Program Director, Tri-Institutional Ph.D. Program in Chemical Biology
Chairman, Chemical Biology Program
Molecular Pharmacology and Chemistry Program
Advances in genomics have revealed myriad new potential therapeutic targets. However, existing small-molecule drugs address only a small set of approximately 200 protein targets encoded in the human genome. Efforts to expand have been thwarted by a heavy focus on a correspondingly narrow range of complementary chemical structures in drug discovery. To address this problem, Dr. Tan’s lab leverages insights from natural products in diversity-oriented synthesis and rational drug design to identify novel small-molecule ligands for a variety of targets. They leverage multidisciplinary collaborations to evaluate the molecules they synthesize to probe complex biological processes and pursue new therapeutic opportunities.
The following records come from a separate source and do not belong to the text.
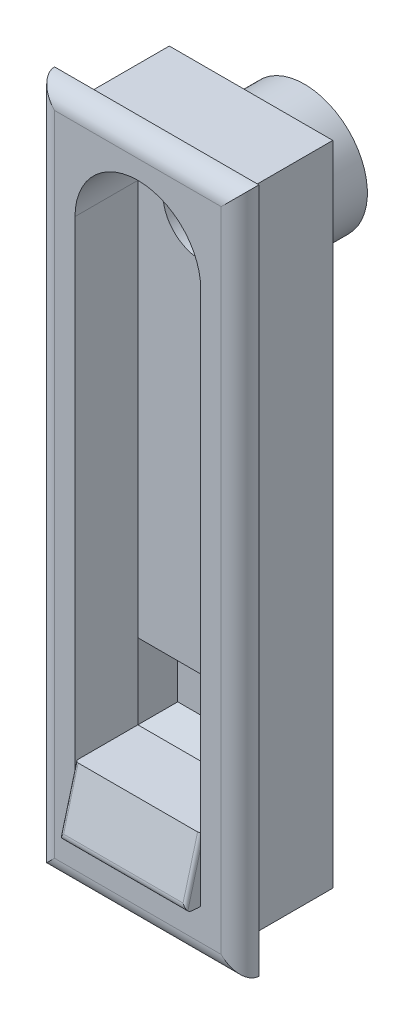
from build123d import *

# Parameters (mm, degrees)
SKETCH_1_W          = 32.5
SKETCH_1_H          = 109
EXTRUDE_1_DEPTH     = 3
FILLET_2_R          = 3
SKETCH_2_W          = 26
SKETCH_2_H          = 103
EXTRUDE_2_DEPTH     = 15
SKETCH_4_R          = 10
EXTRUDE_3_DEPTH     = 8.5
CUT_EXTRUDE_1_DEPTH = 10
SKETCH_6_W          = 20
SKETCH_6_H          = 12
CUT_EXTRUDE_2_DEPTH = 5
CUT_EXTRUDE_2_DRAFT = -15
SKETCH_7_W          = 20
SKETCH_7_H          = 10
REVOLVE_1_ANGLE     = 15
FILLET_START        = -47
FILLET_3_DEPTH      = 12
FILLET_START_2      = -11
FILLET_3_2_DEPTH    = 22
SKETCH_8_R          = 6
CUT_EXTRUDE_3_DEPTH = 64.76973092


with BuildPart() as part:
    # 草圖1 → 伸長1 (new body)
    with BuildSketch(Plane.XY):
        Rectangle(SKETCH_1_W, SKETCH_1_H)
    extrude(amount=EXTRUDE_1_DEPTH)

    # 圓角2
    fillet_2_edges = [part.edges().sort_by_distance(p)[0] for p in [
        (-16.25, 0, 3),
        (16.25, 0, 3),
        (0, -54.5, 3),
        (0, 54.5, 3),
    ]]
    fillet(fillet_2_edges, radius=FILLET_2_R - 0.0001)  # a hair under: the kernel refuses the full size

    # 草圖2 → 伸長2 (add)
    with BuildSketch(Plane(origin=(0, 0, 0), x_dir=(-1, 0, 0), z_dir=(0, 0, -1))):
        Rectangle(SKETCH_2_W, SKETCH_2_H)
    extrude(amount=EXTRUDE_2_DEPTH)

    # 草圖4 → 伸長3 (add)
    with BuildSketch(Plane(origin=(0, 0, -15), x_dir=(-1, 0, 0), z_dir=(0, 0, -1))):
        with Locations((0, 38.5)):
            Circle(SKETCH_4_R)
    extrude(amount=EXTRUDE_3_DEPTH)

    # 草圖5 → 除料-伸長1 (cut)
    with BuildSketch(Plane.XY.offset(3)):
        with BuildLine():
            Line((-10, 38.5), (-10, -36.5))
            Line((-10, -36.5), (10, -36.5))
            Line((10, -36.5), (10, 38.5))
            ThreePointArc((10, 38.5), (0, 48.5), (-10, 38.5))
        make_face()
    extrude(amount=-CUT_EXTRUDE_1_DEPTH, mode=Mode.SUBTRACT)


with BuildPart() as cut_extrude_2_tool:
    # 草圖6 → 除料-伸長2 (with draft: the straight prism first)
    with BuildSketch(Plane.XY.offset(-7)):
        with Locations((0, -30.5)):
            Rectangle(SKETCH_6_W, SKETCH_6_H)
    extrude(amount=-CUT_EXTRUDE_2_DEPTH)
    # 除料-伸長2: the draft: its side faces are tilted about the plane it starts from
    cut_extrude_2_sides = [cut_extrude_2_tool.faces().sort_by_distance(p)[0] for p in [
        (0, -36.5, -9.5),
        (10, -30.5, -9.5),
        (0, -24.5, -9.5),
        (-10, -30.5, -9.5),
    ]]
    draft(cut_extrude_2_sides, Plane.XY.offset(-7), CUT_EXTRUDE_2_DRAFT)


with BuildPart() as part_1:
    add(part.part)

    # 除料-伸長2: cut by cut_extrude_2_tool
    add(cut_extrude_2_tool.part, mode=Mode.SUBTRACT)

    # 草圖7 → 旋轉1 (revolve)
    with BuildSketch(Plane.XY.offset(3)):
        with Locations((0, -41.5)):
            Rectangle(SKETCH_7_W, SKETCH_7_H)
    revolve(axis=Axis((-10, -36.5, 3), (-1, 0, 0)), revolution_arc=REVOLVE_1_ANGLE)

    # 圓角3: read off the stored shape, not the designer's step
    # 圓角3 outline → 圓角3 (cut)
    with BuildSketch(Plane(origin=(0, 0, 0), x_dir=(1, 0, 0), z_dir=(0, 0.9659258262890682, -0.2588190451025211)).offset(FILLET_START)):
        with BuildLine():
            ThreePointArc((10, 7.049117667), (9.853553391, 6.695564276), (9.5, 6.549117667))
            Line((9.5, 6.549117667), (10, 6.549117667))
            Line((10, 6.549117667), (10, 7.049117667))
        make_face()
        with BuildLine():
            ThreePointArc((-9.5, 6.549117667), (-9.853553391, 6.695564276), (-10, 7.049117667))
            Line((-10, 7.049117667), (-10, 6.549117667))
            Line((-10, 6.549117667), (-9.5, 6.549117667))
        make_face()
    extrude(amount=FILLET_3_DEPTH, mode=Mode.SUBTRACT)

    # Fillet 3 2 outline → Fillet 3 2 (cut)
    with BuildSketch(Plane.YZ.offset(FILLET_START_2)):
        with BuildLine():
            ThreePointArc((-46.387024756, 4.498913432), (-45.945734853, 5.185884966), (-45.139503235, 5.314947915))
            Line((-45.139503235, 5.314947915), (-46.159258263, 5.588190451))
            ThreePointArc((-46.159258263, 5.588190451), (-46.288305577, 5.04672273), (-46.387024756, 4.498913432))
        make_face()
    extrude(amount=FILLET_3_2_DEPTH, mode=Mode.SUBTRACT)

    # 草圖8 → 除料-伸長3 (cut, through all)
    with BuildSketch(Plane(origin=(0, 0, -23.5), x_dir=(-1, 0, 0), z_dir=(0, 0, -1))):
        with Locations((0, 38.5)):
            Circle(SKETCH_8_R)
    extrude(amount=-CUT_EXTRUDE_3_DEPTH, mode=Mode.SUBTRACT)


solid = part_1.part
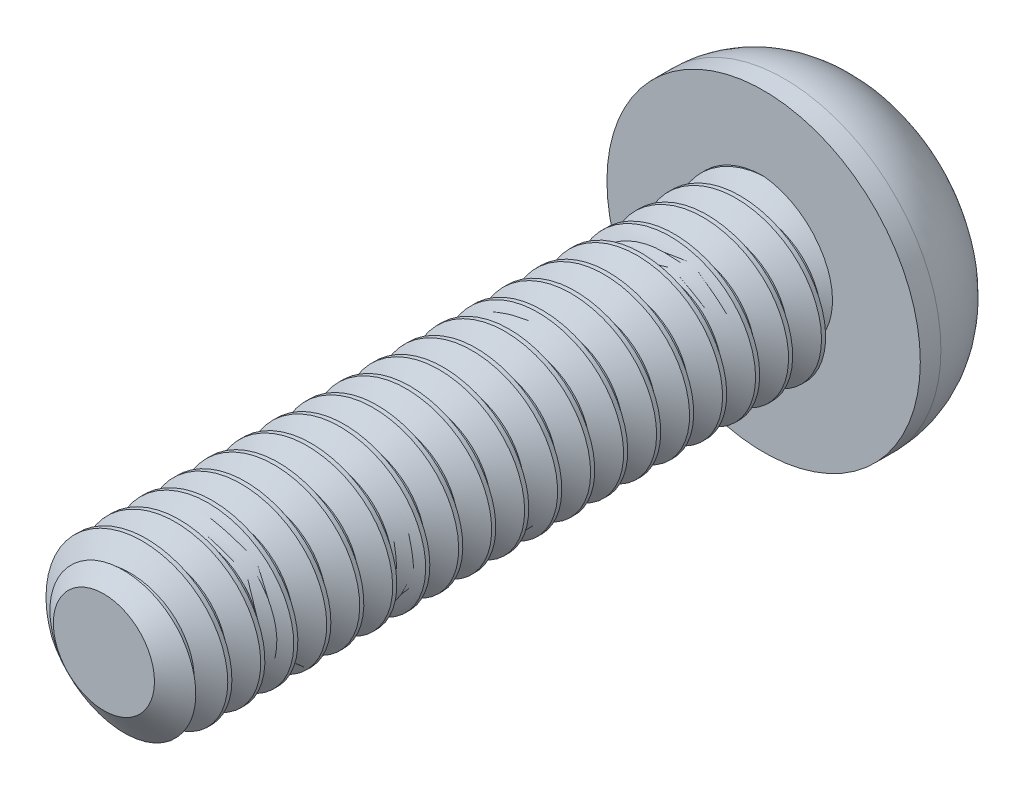
from build123d import *

# Parameters (mm, degrees)
SKETCH1_R          = 2
EXTRUDE1_DEPTH     = 16
CUT_SWEEP1_PITCH   = 0.8
SKETCH6_R          = 3.8
EXTRUDE2_DEPTH     = 2.75
CUT_EXTRUDE1_DEPTH = 2.25
SKETCH8_R          = 1.732050808
CUT_EXTRUDE2_DEPTH = 20.504935408
CUT_EXTRUDE2_TAPER = 45


with BuildPart() as part:
    # Sketch1 → Extrude1 (new body)
    with BuildSketch(Plane.XY):
        Circle(SKETCH1_R)
    extrude(amount=-EXTRUDE1_DEPTH)

    # Cut-Sweep1: arcs per turn and ends read off the stored shape
    # Cut-Sweep1: the profile of Sketch3 profile screwed along a right-hand helix through 23 turns, 6 arcs to a turn; built about Z, then put on its axis
    cut_sweep1_z = Axis((0, 0, 0), (0, 0, 1))
    cut_sweep1_corners = [(2.0003, 0, -1.500173205), (1.480384758, 0, -1.2), (1.480384758, 0, -1.1), (2.0003, 0, -0.799826795)]
    with BuildLine(mode=Mode.PRIVATE) as cut_sweep1_profile:
        Line(cut_sweep1_corners[0], cut_sweep1_corners[1])
        Line(cut_sweep1_corners[1], cut_sweep1_corners[2])
        Line(cut_sweep1_corners[2], cut_sweep1_corners[3])
        Line(cut_sweep1_corners[3], cut_sweep1_corners[0])
    cut_sweep1_cap = Face(cut_sweep1_profile.wire())
    cut_sweep1_turn_angles = [0, 30, 60, 90, 120, 150, 180, 210, 240, 270, 300, 330, 360]
    cut_sweep1_turn_weights = [1, 0.8660254037844387, 1, 0.8660254037844387, 1, 0.8660254037844387, 1, 0.8660254037844387, 1, 0.8660254037844387, 1, 0.8660254037844387, 1]
    cut_sweep1_turn_rails = [Edge.make_bspline([Vector(p[0], p[1], 0).rotate(cut_sweep1_z, cut_sweep1_turn_angles[k]) / cut_sweep1_turn_weights[k] + Vector(0, 0, p[2] + CUT_SWEEP1_PITCH * cut_sweep1_turn_angles[k] / 360) for k in range(13)], [0, 0, 0, 1, 1, 2, 2, 3, 3, 4, 4, 5, 5, 6, 6, 6], 2, cut_sweep1_turn_weights) for p in cut_sweep1_corners]
    cut_sweep1_turn_sides = [Face.make_surface_from_curves(cut_sweep1_turn_rails[p[0]], cut_sweep1_turn_rails[p[1]]) for p in [(0, 1), (1, 2), (2, 3), (3, 0)]]
    cut_sweep1 = Plane(origin=(0, 0, 0), x_dir=(0, 1, 0), z_dir=(0, 0, -1)) * Solid(Shell([*[p.moved(Location((0, 0, CUT_SWEEP1_PITCH * i))) for i in range(23) for p in cut_sweep1_turn_sides], cut_sweep1_cap, cut_sweep1_cap.rotate(cut_sweep1_z, 8280).moved(Location((0, 0, CUT_SWEEP1_PITCH * 8280 / 360)))]))
    add(cut_sweep1, mode=Mode.SUBTRACT)

    # Sketch4 → Cut-Revolve1 (revolve, cut)
    with BuildSketch(Plane(origin=(0, 0, 0), x_dir=(0, 0, -1), z_dir=(1, 0, 0)), mode=Mode.PRIVATE) as cut_revolve1_sk:
        Polygon((0.541691224, 2), (0, 1.226384758), (0, 2), align=None)
    revolve(cut_revolve1_sk.sketch.rotate(Axis((0, 0, 0), (0, 0, -1)), 260.438603256), axis=Axis((0, 0, 0), (0, 0, -1)), mode=Mode.SUBTRACT)

    # Sketch6 → Extrude2 (add)
    with BuildSketch(Plane(origin=(0, 0, -16), x_dir=(-1, 0, 0), z_dir=(0, 0, -1))):
        Circle(SKETCH6_R)
    extrude(amount=EXTRUDE2_DEPTH)

    # Sketch10 → Cut-Revolve2 (revolve, cut)
    with BuildSketch(Plane(origin=(0, 0, 0), x_dir=(0, 0, -1), z_dir=(1, 0, 0)), mode=Mode.PRIVATE) as cut_revolve2_sk:
        with BuildLine():
            Line((16.5, 3.8), (16.5, 4.3))
            Line((16.5, 4.3), (19.25, 4.3))
            Line((19.25, 4.3), (19.25, 1.5))
            Line((19.25, 1.5), (18.75, 1.5))
            ThreePointArc((18.75, 1.5), (18.093959833, 3.108765054), (16.5, 3.8))
        make_face()
    revolve(cut_revolve2_sk.sketch.rotate(Axis((0, 0, 0), (0, 0, -1)), 90), axis=Axis((0, 0, 0), (0, 0, -1)), mode=Mode.SUBTRACT)

    # Sketch7 → Cut-Extrude1 (cut)
    with BuildSketch(Plane(origin=(0, 0, -18.75), x_dir=(-1, 0, 0), z_dir=(0, 0, -1))):
        Polygon((0, 1.732050808), (-1.5, 0.866025404), (-1.5, -0.866025404), (0, -1.732050808), (1.5, -0.866025404), (1.5, 0.866025404), align=None)
    extrude(amount=-CUT_EXTRUDE1_DEPTH, mode=Mode.SUBTRACT)

    # Sketch8 → Cut-Extrude2 (cut, through all)
    with BuildSketch(Plane.XY.offset(-18.75)):
        Circle(SKETCH8_R)
    extrude(amount=CUT_EXTRUDE2_DEPTH, taper=CUT_EXTRUDE2_TAPER, mode=Mode.SUBTRACT)


solid = part.part

For diversity-oriented synthesis, Dr. Tan’s lab uses structural motifs found in biologically active natural products as attractive starting points for library design. At the core of these efforts is the development of new synthetic routes to provide flexible, efficient, systematic access to these structures. The resulting libraries access distinct regions of chemical space compared to conventional drug-like libraries and are screened against a wide range of targets.
In the area of rational drug design, Dr. Tan’s lab designs natural product-based sulfonyladenosine inhibitors of adenylation enzymes, a mechanistic superfamily implicated in a wide range of processes. Leveraging structural and mechanistic information about individual targets, they have developed new antibiotic lead compounds that inhibit enzymes required for bacterial virulence and semisynthetic protein inhibitors of ubiquitin-family E1 activating enzymes that have revealed dramatic active site remodeling during catalysis.
Bauer, R.A. et al. Biomimetic diversity-oriented synthesis of benzannulated medium rings via ring expansion. Nat. Chem. Biol. 9, 21–29 (2013).
Kopp, F. et al. A diversity-oriented synthesis approach to macrocycles via oxidative ring expansion. Nat. Chem. Biol. 8, 358–365 (2012).
Olsen, S.K. et al. Active site remodelling accompanies thioester bond formation in the SUMO E1. Nature 463, 906–912 (2010).